(WHAT YOU WILL DO) Exactly the lines from the opening of the records through the line containing "line L4 (6, -2.25)" should be copied, with both included.

[[ DATASET RECORDS, beginning ]]

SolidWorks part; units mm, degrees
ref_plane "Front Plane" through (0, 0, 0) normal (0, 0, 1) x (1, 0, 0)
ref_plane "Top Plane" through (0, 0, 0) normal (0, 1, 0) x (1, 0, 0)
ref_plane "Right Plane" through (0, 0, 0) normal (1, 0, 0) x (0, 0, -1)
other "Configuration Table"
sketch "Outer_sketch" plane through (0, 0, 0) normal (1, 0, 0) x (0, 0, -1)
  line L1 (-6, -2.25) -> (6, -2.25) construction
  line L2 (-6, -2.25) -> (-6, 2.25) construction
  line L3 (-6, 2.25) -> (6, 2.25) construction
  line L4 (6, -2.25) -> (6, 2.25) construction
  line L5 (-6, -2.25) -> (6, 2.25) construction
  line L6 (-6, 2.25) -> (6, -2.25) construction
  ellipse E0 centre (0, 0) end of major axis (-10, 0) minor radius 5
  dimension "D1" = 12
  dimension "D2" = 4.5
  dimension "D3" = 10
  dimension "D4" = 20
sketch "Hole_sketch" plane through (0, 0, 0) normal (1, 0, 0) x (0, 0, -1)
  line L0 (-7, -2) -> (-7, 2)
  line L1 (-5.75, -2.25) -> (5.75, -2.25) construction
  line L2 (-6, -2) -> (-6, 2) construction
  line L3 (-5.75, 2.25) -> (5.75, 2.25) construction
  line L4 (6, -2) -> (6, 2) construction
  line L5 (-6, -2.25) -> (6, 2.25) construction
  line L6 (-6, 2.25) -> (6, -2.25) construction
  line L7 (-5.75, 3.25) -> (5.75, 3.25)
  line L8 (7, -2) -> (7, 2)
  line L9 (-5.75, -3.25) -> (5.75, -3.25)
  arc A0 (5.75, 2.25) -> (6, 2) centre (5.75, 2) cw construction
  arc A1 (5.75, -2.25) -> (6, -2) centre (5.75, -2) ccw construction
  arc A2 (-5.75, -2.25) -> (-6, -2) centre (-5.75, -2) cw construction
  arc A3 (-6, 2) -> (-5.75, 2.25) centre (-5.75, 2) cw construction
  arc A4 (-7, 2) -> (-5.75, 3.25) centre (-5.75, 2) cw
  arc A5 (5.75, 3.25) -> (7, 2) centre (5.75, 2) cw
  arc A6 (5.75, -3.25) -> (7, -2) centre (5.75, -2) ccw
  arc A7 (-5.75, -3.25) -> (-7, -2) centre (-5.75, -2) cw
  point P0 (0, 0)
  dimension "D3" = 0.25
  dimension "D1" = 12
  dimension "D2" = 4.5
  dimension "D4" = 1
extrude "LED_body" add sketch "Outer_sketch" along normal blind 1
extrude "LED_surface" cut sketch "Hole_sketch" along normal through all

[[ DATASET RECORDS, end ]]

(YOUR RESPONSE)
SolidWorks part; units mm, degrees
ref_plane "Front Plane" through (0, 0, 0) normal (0, 0, 1) x (1, 0, 0)
ref_plane "Top Plane" through (0, 0, 0) normal (0, 1, 0) x (1, 0, 0)
ref_plane "Right Plane" through (0, 0, 0) normal (1, 0, 0) x (0, 0, -1)
other "Configuration Table"
sketch "Outer_sketch" plane through (0, 0, 0) normal (1, 0, 0) x (0, 0, -1)
  line L1 (-6, -2.25) -> (6, -2.25) construction
  line L2 (-6, -2.25) -> (-6, 2.25) construction
  line L3 (-6, 2.25) -> (6, 2.25) construction
  line L4 (6, -2.25) -> (6, 2.25) construction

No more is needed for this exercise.